Mémoire 27 : Influence des formations superficielles sur l’évolution des sols du Jura suisse

Résumé

Le massif du Jura est essentiellement constitué de roches calcaires. Cependant, celles-ci sont généralement recouvertes de sédiments remaniés au fil de l’histoire géomorphologique de la région, en particulier pendant les glaciations du Quaternaire.
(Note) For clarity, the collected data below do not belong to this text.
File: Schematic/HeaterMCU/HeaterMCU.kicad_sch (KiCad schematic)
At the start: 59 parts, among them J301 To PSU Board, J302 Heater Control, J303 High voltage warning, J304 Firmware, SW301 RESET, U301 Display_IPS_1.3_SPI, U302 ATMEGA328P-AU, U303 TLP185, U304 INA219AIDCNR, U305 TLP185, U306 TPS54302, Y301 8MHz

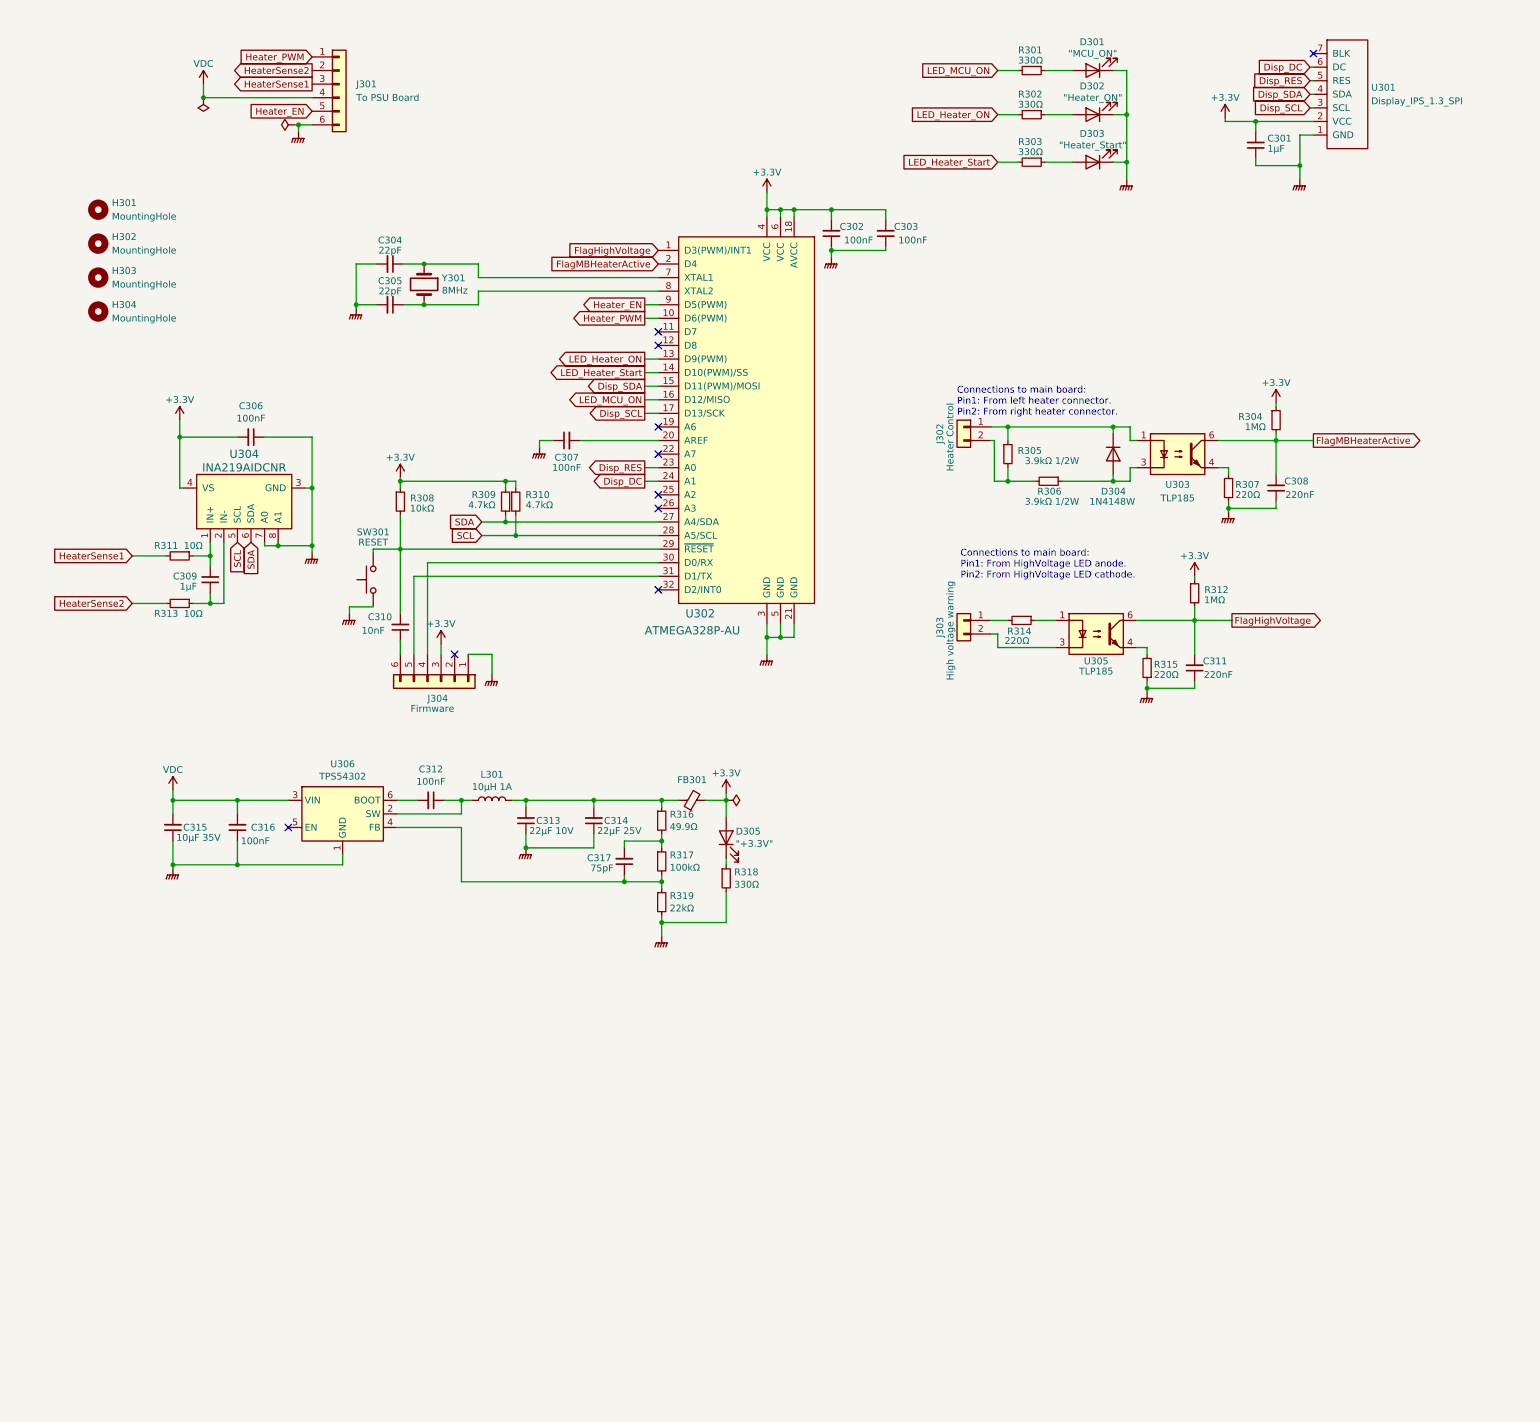
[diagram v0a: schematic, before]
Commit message: New PSU based on XL4005
Added current limiter
Added interface to uTracer PIC
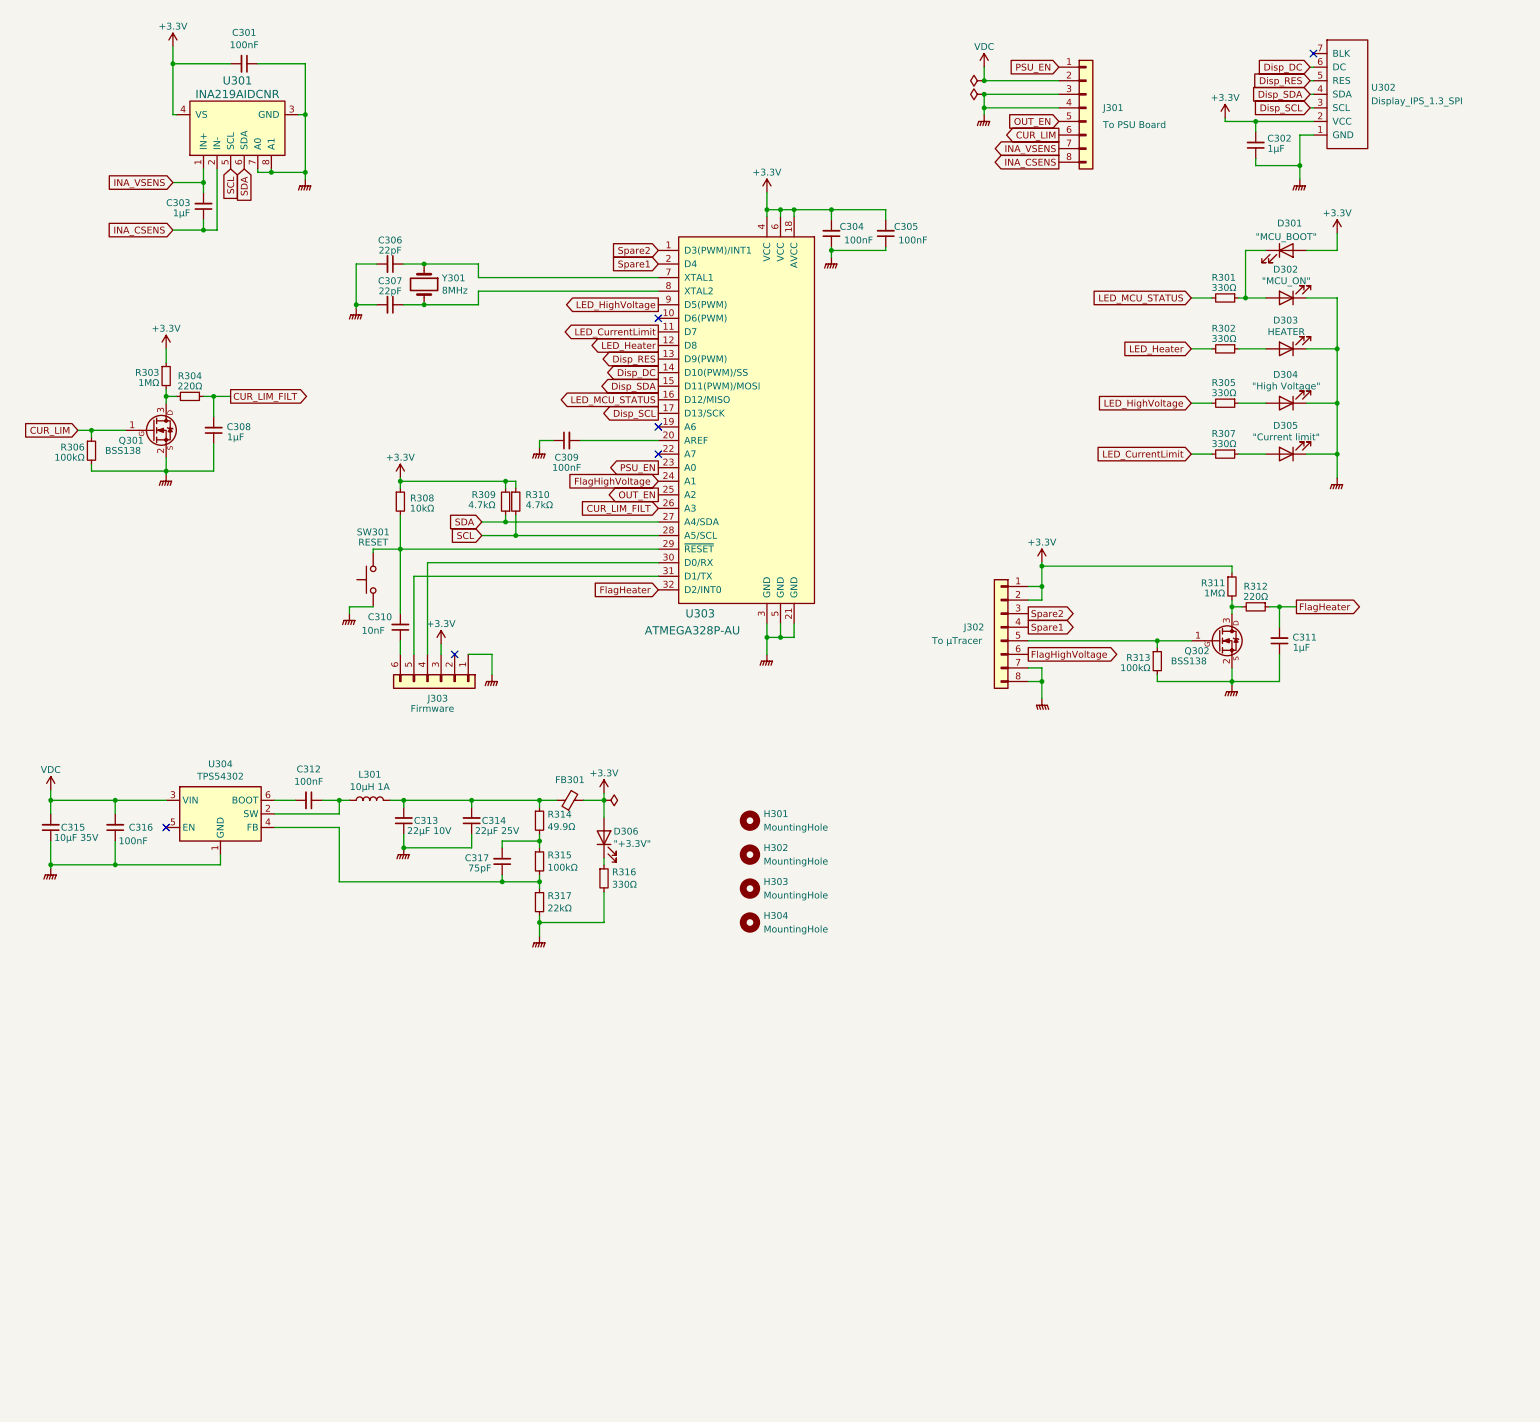
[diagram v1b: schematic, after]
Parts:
- removed D304: 1N4148W, Diode_SMD:D_SOD-123, symbol Diode:1N4148W
- removed J301: To PSU Board, Connector_PinSocket_2.54mm:PinSocket_1x06_P2.54mm_Vertical, symbol Connector_Generic:Conn_01x06
- removed J302: Heater Control, Connector_PinSocket_2.54mm:PinSocket_1x02_P2.54mm_Horizontal, symbol Connector_Generic:Conn_01x02
- removed J303: High voltage warning, Connector_PinSocket_2.54mm:PinSocket_1x02_P2.54mm_Horizontal, symbol Connector_Generic:Conn_01x02
- removed R305: 3.9kΩ 1/2W, Resistor_SMD:R_1210_3225Metric_Pad1.30x2.65mm_HandSolder, symbol Device:R_Small
- removed R314, R315: 220Ω, Resistor_SMD:R_0603_1608Metric_Pad0.98x0.95mm_HandSolder, symbol Device:R_Small
- removed U303, U305: TLP185, Package_SO:SOIC-4_4.55x3.7mm_P2.54mm, symbol Isolator:TLP185
- added D301: "MCU_BOOT", LED_SMD:LED_0603_1608Metric_Pad1.05x0.95mm_HandSolder, symbol Device:LED
- added D305: "Current limit", LED_SMD:LED_0603_1608Metric_Pad1.05x0.95mm_HandSolder, symbol Device:LED
- added J301: To PSU Board, Connector_PinHeader_2.54mm:PinHeader_1x08_P2.54mm_Vertical, symbol Connector_Generic:Conn_01x08
- added J302: To µTracer, myDevices:0527450897, symbol Connector_Generic:Conn_01x08
- added Q301, Q302: BSS138, Package_TO_SOT_SMD:SOT-23, symbol myDevices:BSS138
- added R303: 1MΩ, Resistor_SMD:R_0603_1608Metric_Pad0.98x0.95mm_HandSolder, symbol Device:R_Small
- C308, C311: value 220nF -> 1µF
- D303: renamed from D302; value "Heater_ON" -> HEATER
- D304: renamed from D303; value "Heater_Start" -> "High Voltage"
- R304, R312: value 1MΩ -> 220Ω
- R306: value 3.9kΩ 1/2W -> 100kΩ; footprint Resistor_SMD:R_1210_3225Metric_Pad1.30x2.65mm_HandSolder -> Resistor_SMD:R_0603_1608Metric_Pad0.98x0.95mm_HandSolder
- R307: value 220Ω -> 330Ω
- R311: value 10Ω -> 1MΩ
- R313: value 10Ω -> 100kΩ
- renumbered C306 to C301, C301 to C302, C309 to C303, C302 to C304, C303 to C305, C304 to C306, C305 to C307, C307 to C309, D301 to D302, D305 to D306, J304 to J303, R303 to R305, R316 to R314, R317 to R315, R318 to R316, R319 to R317, U304 to U301, U301 to U302, U302 to U303, U306 to U304
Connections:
- net HeaterSense2 is gone; now on net GNDPWR: R313.2
- net +3V3: now also R311.1, D301.2 (A), J302.1 (Pin_1), J302.2 (Pin_2), R303.1; no longer R304.1, R312.1
- net Disp_DC: now also U303.14 (D10(PWM)/SS); no longer U303.24 (A1)
- net Disp_RES: now also U303.13 (D9(PWM)); no longer U303.23 (A0)
- net FlagHighVoltage: now also U303.24 (A1), J302.6 (Pin_6); no longer C311.2, R312.2, U303.1 (D3(PWM)/INT1)
- net GNDPWR: now also R306.2, D305.1 (K), J301.3 (Pin_3), J301.4 (Pin_4), J302.7 (Pin_7), J302.8 (Pin_8), Q301.2 (S), Q302.2 (S); no longer R307.1
- net VDC: now also J301.2 (Pin_2)
- net INA_CSENS: now reaches C303.1, U301.2 (IN-)
- net INA_CSENS: now also J301.8 (Pin_8); no longer R313.1
- net INA_VSENS: now reaches C303.2, U301.1 (IN+)
- net INA_VSENS: now also J301.7 (Pin_7); no longer R311.1
- net LED_CurrentLimit: now reaches R307.2
- net LED_CurrentLimit: now also U303.11 (D7)
- net CUR_LIM: now reaches R306.1
- net CUR_LIM: now also J301.6 (Pin_6), Q301.1 (G)
- net LED_Heater: now reaches U303.12 (D8)
- net LED_Heater: now also R302.2
- net OUT_EN: now reaches U303.25 (A2)
- net OUT_EN: now also J301.5 (Pin_5)
- net CUR_LIM_FILT: now reaches U303.26 (A3)
- net CUR_LIM_FILT: now also C308.2, R304.1
- net FlagHeater: now reaches U303.32 (D2/INT0)
- net FlagHeater: now also C311.2, R312.1
- net at D302.2 (A), R301.1: now also D301.1 (K)
- removed net FlagMBHeaterActive: C308.2, R304.2, U303.2 (D4)
- net HeaterSense1: no longer names the net of R311.2
- net HeaterSense1: now also R312.2, Q302.3 (D)
- net Heater_EN renamed LED_HighVoltage
- net LED_HighVoltage: now also R305.2
- net Heater_PWM: no longer names the net of U303.10 (D6(PWM))
- removed net LED_Heater_ON: R302.2, U303.13 (D9(PWM))
- removed net LED_Heater_Start: R305.2, U303.14 (D10(PWM)/SS)
- net LED_MCU_ON renamed LED_MCU_STATUS
- new net: Q301.3 (D), R303.2, R304.2
- new net: J302.5 (Pin_5), Q302.1 (G), R313.1
- new net: D305.2 (A), R307.1
- new net PSU_EN: J301.1 (Pin_1), U303.23 (A0)
- new net Spare1: J302.4 (Pin_4), U303.2 (D4)
- new net Spare2: J302.3 (Pin_3), U303.1 (D3(PWM)/INT1)
- no-connect marks 10 -> 6
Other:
- note removed: "Connections to main board: Pin1: From HighVoltage LED anode. Pin2: From HighVoltage LED cathode."
- note removed: "Connections to main board: Pin1: From left heater connector. Pin2: From right heater connector."
- moved on the sheet: C301, C303, C312, C313, C314, C315, C316, C317, D302, D303, D304, D306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

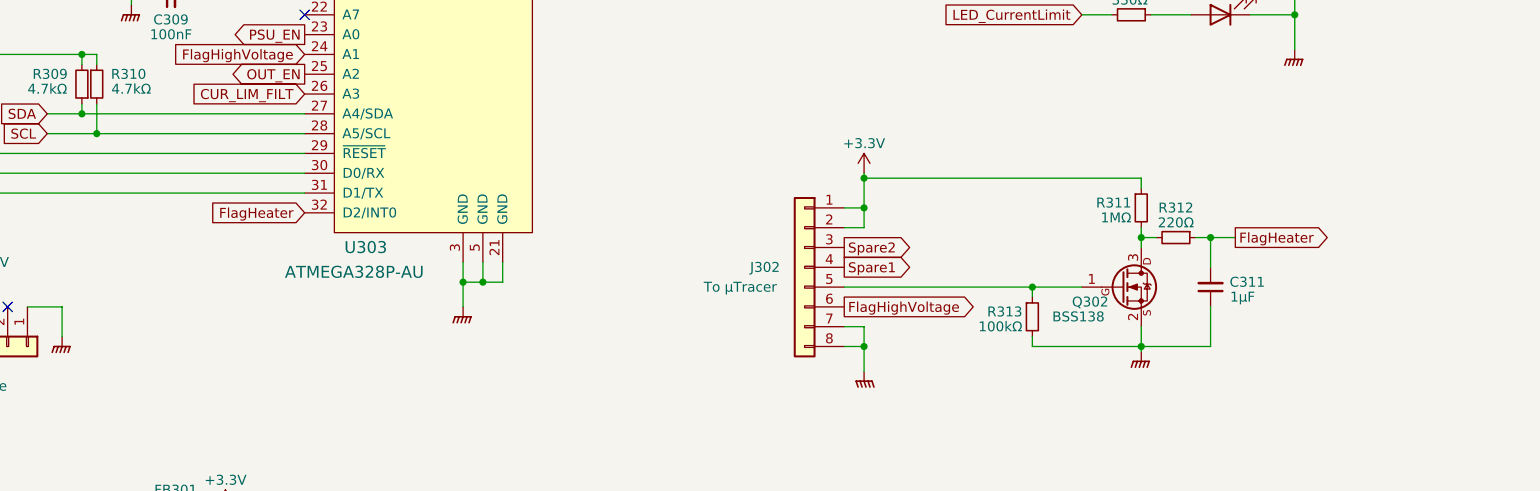
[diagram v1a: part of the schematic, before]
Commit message: PIC interface board, version A
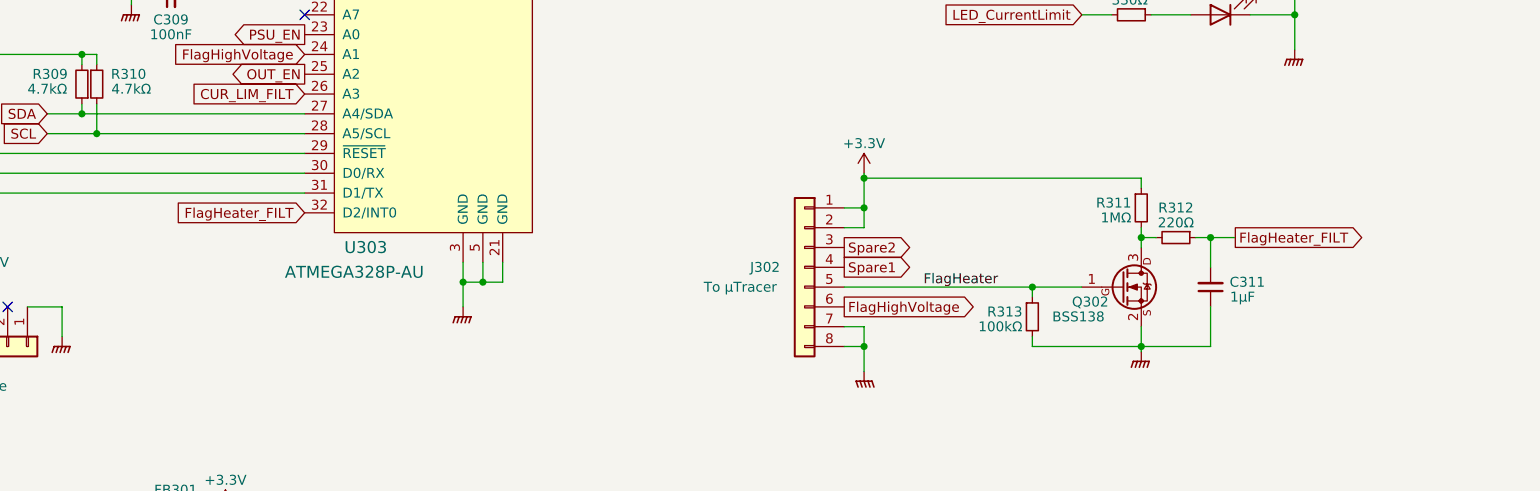
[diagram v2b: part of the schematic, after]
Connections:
- net FlagHeater: now also J302.5 (Pin_5), Q302.1 (G), R313.1; no longer C311.2, R312.1, U303.32 (D2/INT0)
- new net FlagHeater_FILT: C311.2, R312.1, U303.32 (D2/INT0)
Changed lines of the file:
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@@
     (stroke (width 0) (type default) (color 0 0 0 0))
+  )
+  (label "FlagHeater" (at 213.36 130.81 0)
+    (effects (font (size 1.27 1.27)) (justify left bottom))
   )
   (global_label "LED_CurrentLimit" (shape input) (at 233.68 95.885 180) (fields_autoplaced)
@@
     )
   )
-  (global_label "FlagHeater" (shape input) (at 133.985 121.285 180) (fields_autoplaced)
+  (global_label "FlagHeater_FILT" (shape input) (at 133.985 121.285 180) (fields_autoplaced)
     (effects (font (size 1.27 1.27)) (justify right))
-    (property "Intersheet References" "${INTERSHEET_REFS}" (id 0) (at 121.3514 121.2056 0)
+    (property "Intersheet References" "${INTERSHEET_REFS}" (id 0) (at 116.6948 121.2056 0)
       (effects (font (size 1.27 1.27)) (justify right) hide)
     )
@@
     )
   )
-  (global_label "FlagHeater" (shape output) (at 253.365 124.46 0) (fields_autoplaced)
+  (global_label "FlagHeater_FILT" (shape output) (at 253.365 124.46 0) (fields_autoplaced)
     (effects (font (size 1.27 1.27)) (justify left))
-    (property "Intersheet References" "${INTERSHEET_REFS}" (id 0) (at 265.9986 124.3806 0)
+    (property "Intersheet References" "${INTERSHEET_REFS}" (id 0) (at 270.6552 124.3806 0)
       (effects (font (size 1.27 1.27)) (justify left) hide)
     )

Les dépôts ainsi formés, ou formations superficielles, sont constitués de mélanges entre des matériaux d’origine jurassienne (les roches calcaires) et alpine (les loess, dépôts constitués de particules éoliennes, et la moraine silicatée acide).

La superposition de ces dépôts le long des deux versants étudiés (situés de part et d’autre de la première crête du Jura suisse, dans la combe des Amburnex et sur la côte de Ballens) a permis de reconstituer la chronologie de leur mise en place depuis le dernier maximum glaciaire, il y a environ 20’000 ans.

Ensuite, l’influence des formations superficielles sur le développement des sols a été étudiée grâce à l’analyse de la fraction minérale fine (particules <2 mm). Différentes dynamiques de pédogenèse ont été identifiées en fonction des influences respectives du calcium, du fer et de l’aluminium. Ces dynamiques agissent plus particulièrement sur les processus d’altération et de transformation de la calcite, des oxy-hydroxydes de fer et des argiles minéralogiques.

En conséquence, en fonction de l’origine et de l’épaisseur de la couverture sédimentaire, le lien génétique entre les sols et la roche sous-jacente est perturbé à des degrés divers. Les dépôts d’origine alpine provoquent l’apport de minéraux et d’éléments géochimiques variés dans les sols jurassiens, orientant la pédogenèse vers des voies d’évolution différentes de celles observées sur roche calcaire.